**WHAT IS BEING ASKED:**
Copy out each line of the material in which the word "circle" appears.

**INFORMATION SHOWN:**
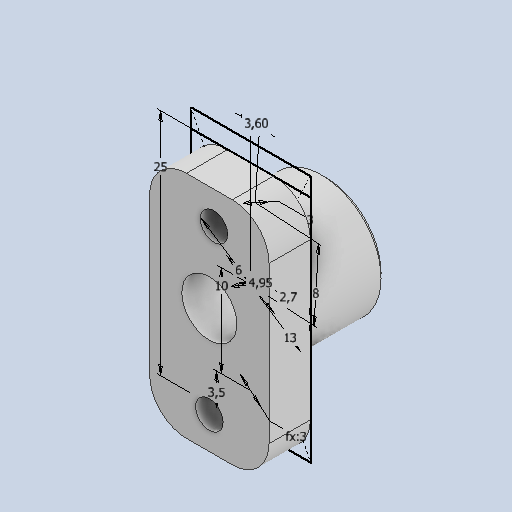
# Autodesk Inventor part: daVinci_Tool_Clutch
Saved by Autodesk Inventor 2024 (Build 280153000, 153)
## iProperties
Created: 2022-08-12
Part Number: daVinci_Tool_Clutch
Material: Generisch
Document SubType Name: Modeling
Designer: alexw
Density: 1 g/cm^3
Appearance: Vorgabe
Mass: 2.17984 g
Surface Area: 14.8905 cm^2
Volume: 2.17984 cm^3
Author: alexw
Autodesk Inventor part; units mm, degrees
ref_plane "YZ Plane" through (0, 0, 0) normal (1, 0, 0) x (0, 1, 0)
ref_plane "XZ Plane" through (0, 0, 0) normal (0, 1, 0) x (-1, 0, 0)
ref_plane "XY Plane" through (0, 0, 0) normal (0, 0, 1) x (1, 0, 0)
sketch "Skizze1" plane through (0, 0, 0) normal (0, 0, 1) x (1, 0, 0)
  line L0 (-6.5, 13.5) -> (6.5, 13.5)
  line L1 (6.5, 13.5) -> (6.5, -13.5)
  line L2 (6.5, -13.5) -> (-6.5, -13.5)
  line L3 (-6.5, -13.5) -> (-6.5, 13.5)
  line L4 (-6.5, 13.5) -> (6.5, -13.5) construction
  line L5 (6.5, 13.5) -> (-6.5, -13.5) construction
  line L6 (0, 0) -> (0.502324, 7.984214) construction
  line L7 (0, 0) -> (0, -13.5) construction
  circle A0 centre (0, -10) radius 1.5
  circle A1 centre (0.502324, 7.984214) radius 1.5
  line L8 (-6.5, 11.5) -> (6.5, 11.5)
  circle A2 centre (0, 0) radius 6.5
  circle A3 centre (0, 0) radius 2.475
  circle A4 centre (0, 0) radius 1.35
  circle A5 centre (0, 0) radius 3
  dimension "d13" = 3
  dimension "d14" = 3
  dimension "d15" = 3.5
  dimension "d16" = 10
  dimension "d17" = 8
  dimension "d18" = 3.6
  dimension "d23" = 4.95
  dimension "d26" = 2.7
  dimension "d29" = 6
  dimension "d37" = 13
  dimension "d39" = 25
  constraints: 18 end point, 6 centre point, 5 coincident, 3 midpoint, 3 point on line, 2 parallel, 2 perpendicular, 1 horizontal, 1 tangent
  measures "d13" diameter of A1
  measures "d14" diameter of A0
  measures "d15" distance from line of A0.centre L2
  measures "d16" distance of L6.start A0.centre
  measures "d17" distance of L6.start L6.end
  measures "d18" angle of L7 L6
  measures "d23" diameter of A3
  measures "d26" diameter of A4
  measures "d29" diameter of A5
  measures "d37" diameter of A2
  measures "d39" distance between parallel lines of L8 L2
extrude "Extrusion1" add sketch "Skizze1" along normal blind 4.5 contours L8 L1 A2 L3 | A2 L1 L2 L3 | A2 | A3 | A4 | A5
extrude "Extrusion2" add sketch "Skizze1" against normal blind 8.2 contours A2 | A5
extrude "Extrusion3" cut sketch "Skizze1" along normal through all contours A4
extrude "Extrusion4" cut sketch "Skizze1" against normal blind 7 from surface at 4.5 contours A3 | A4 | A5
chamfer "Fase1" distance 0.5 angle 45 1 edges at (-6.5, 0, -8.2)
fillet "Rundung1" radius 4 4 edges at (6.5, 11.5, 2.25) (-6.5, 11.5, 2.25) (6.5, -13.5, 2.25) (-6.5, -13.5, 2.25)
extrude "Extrusion6" add sketch "Skizze1" against normal blind 4.95 contours A3 | A5
extrude "Extrusion7" cut sketch "Skizze1" against normal blind 1 contours A3 | A5
equation "\"d14\" = d13"
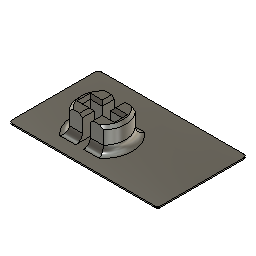
iNTEX_1.75u_Stepped (Autodesk Fusion 360 design; units mm, degrees)
Autodesk Fusion 360 part; units mm, degrees
sketch "Sketch1" plane through (0, 0, 0) normal (0, 0, 1) x (1, 0, 0)
  line L0 (16.3, 9) -> (-16.3, 9) construction
  line L1 (-16.3, 9) -> (-16.3, -9) construction
  line L2 (-16.3, -9) -> (16.3, -9) construction
  line L3 (16.3, -9) -> (16.3, 9) construction
  line L4 (16.3, 9) -> (-16.3, -9) construction
  line L5 (-16.3, 9) -> (16.3, -9) construction
  line L6 (-8.6, 8) -> (13.7, 8)
  line L7 (13.7, 8) -> (13.7, -5.4)
  line L8 (13.7, -5.4) -> (-8.6, -5.4)
  line L9 (-8.6, -5.4) -> (-8.6, 8)
  circle A0 centre (0, 0) radius 3.5
  line L10 (2.4, -0.6) -> (-2.4, -0.6)
  line L11 (-2.4, -0.6) -> (-2.4, 0.6)
  line L12 (-2.4, 0.6) -> (2.4, 0.6)
  line L13 (2.4, 0.6) -> (2.4, -0.6)
  line L14 (2.4, -0.6) -> (-2.4, 0.6) construction
  line L15 (-2.4, -0.6) -> (2.4, 0.6) construction
  line L16 (0.6, -2.4) -> (-0.6, -2.4)
  line L17 (-0.6, -2.4) -> (-0.6, 2.4)
  line L18 (-0.6, 2.4) -> (0.6, 2.4)
  line L19 (0.6, 2.4) -> (0.6, -2.4)
  line L20 (0.6, -2.4) -> (-0.6, 2.4) construction
  line L21 (-0.6, -2.4) -> (0.6, 2.4) construction
  line L22 (-0.6, 2.4) -> (-2.5475, 2.4)
  line L23 (0.6, 2.4) -> (2.5475, 2.4)
  line L24 (-0.6, -2.4) -> (-2.5475, -2.4)
  line L25 (0.6, -2.4) -> (2.5475, -2.4)
  dimension "d1" = 32.6
  dimension "d2" = 18
  dimension "d3" = 3.6
  dimension "d4" = 1
  dimension "d5" = 2.6
  dimension "d6" = 7.7
  dimension "d7" = 7
  dimension "d8" = 4.8
  dimension "d9" = 1.2
  dimension "d10" = 1.2
  dimension "d11" = 4.8
  constraint perpendicular L0 L1
  constraint parallel L0 L2
  constraint parallel L1 L3
  constraint horizontal L0
  constraint coincident L4 A0.centre
  constraint coincident L5 A0.centre
  constraint coincident A0.centre origin
  constraint horizontal L6
  constraint vertical L7
  constraint horizontal L8
  constraint vertical L9
  constraint perpendicular L10 L11
  constraint parallel L10 L12
  constraint parallel L11 L13
  constraint horizontal L10
  constraint coincident L14 A0.centre
  constraint coincident L15 A0.centre
  constraint perpendicular L16 L17
  constraint parallel L16 L18
  constraint parallel L17 L19
  constraint horizontal L16
  constraint coincident L20 A0.centre
  constraint coincident L21 A0.centre
  constraint coincident A0 L22.end
  constraint perpendicular L17 L22
  constraint coincident A0 L23.end
  constraint perpendicular L19 L23
  constraint coincident A0 L24.end
  constraint perpendicular L17 L24
  constraint coincident A0 L25.end
  constraint perpendicular L19 L25
  measures "d1" distance of L1.end L2.end
  measures "d2" distance of L0.end L1.end
  measures "d4" distance of L0 L6
  measures "d5" distance of L3 L7
  measures "d6" distance of L1 L9
  measures "d7" diameter of A0
  measures "d8" distance of L11.end L12.end
  measures "d9" distance of L10.end L11.end
  measures "d10" distance of L17.end L18.end
  measures "d11" distance of L16.end L17.end
extrude "Extrude1" add sketch "Sketch1" along normal blind 0.6 contours L6 L7 L8 L9 | A0 L10 L12 L13 L19 L23 L25 | A0 L18 L22 L23 | A0 L16 L24 L25 | A0 L10 L11 L12 L17 L22 L24 | L12 L17 L18 L19 | L10 L16 L17 L19 | L10 L12 L17 L19 | L10 L12 L13 L19 | L10 L11 L12 L17
extrude "Extrude2" add sketch "Sketch1" along normal blind 4 contours A0 L10 L12 L13 L19 L23 L25 | A0 L10 L11 L12 L17 L22 L24
fillet "Fillet1" radius 1 6 edges at (-1.5738, -2.4, 0.6) (-3.5, 0, 0.6) (1.5738, -2.4, 0.6) (3.5, 0, 0.6) (1.5738, 2.4, 0.6) (-1.5738, 2.4, 0.6)
fillet "Fillet1" radius 0.5 4 edges at (13.7, 8, 0.3) (-8.6, 8, 0.3) (13.7, -5.4, 0.3) (-8.6, -5.4, 0.3)
chamfer "Chamfer1" distance 0.4 angle 45 20 edges at (-8.4536, 7.8536, 0) (2.55, 8, 0) (13.5536, 7.8536, 0) (13.7, 1.3, 0) (13.5536, -5.2536, 0) (2.55, -5.4, 0) (-8.4536, -5.2536, 0) (-8.6, 1.3, 0) (-0.6, 1.5, 4) (-1.5, 0.6, 4) (-2.4, 0, 4) (-1.5, -0.6, 4) (-0.6, -1.5, 4) (0.6, -1.5, 4) (1.5, -0.6, 4) (2.4, 0, 4) (1.5, 0.6, 4) (0.6, 1.5, 4) (3.5, 0, 4) (-3.5, 0, 4)
named bodies: "iNTEX_1.75u_Stepped"

**RESPONSE TO THE TASK:**
  circle A0 centre (0, -10) radius 1.5
  circle A1 centre (0.502324, 7.984214) radius 1.5
  circle A2 centre (0, 0) radius 6.5
  circle A3 centre (0, 0) radius 2.475
  circle A4 centre (0, 0) radius 1.35
  circle A5 centre (0, 0) radius 3
  circle A0 centre (0, 0) radius 3.5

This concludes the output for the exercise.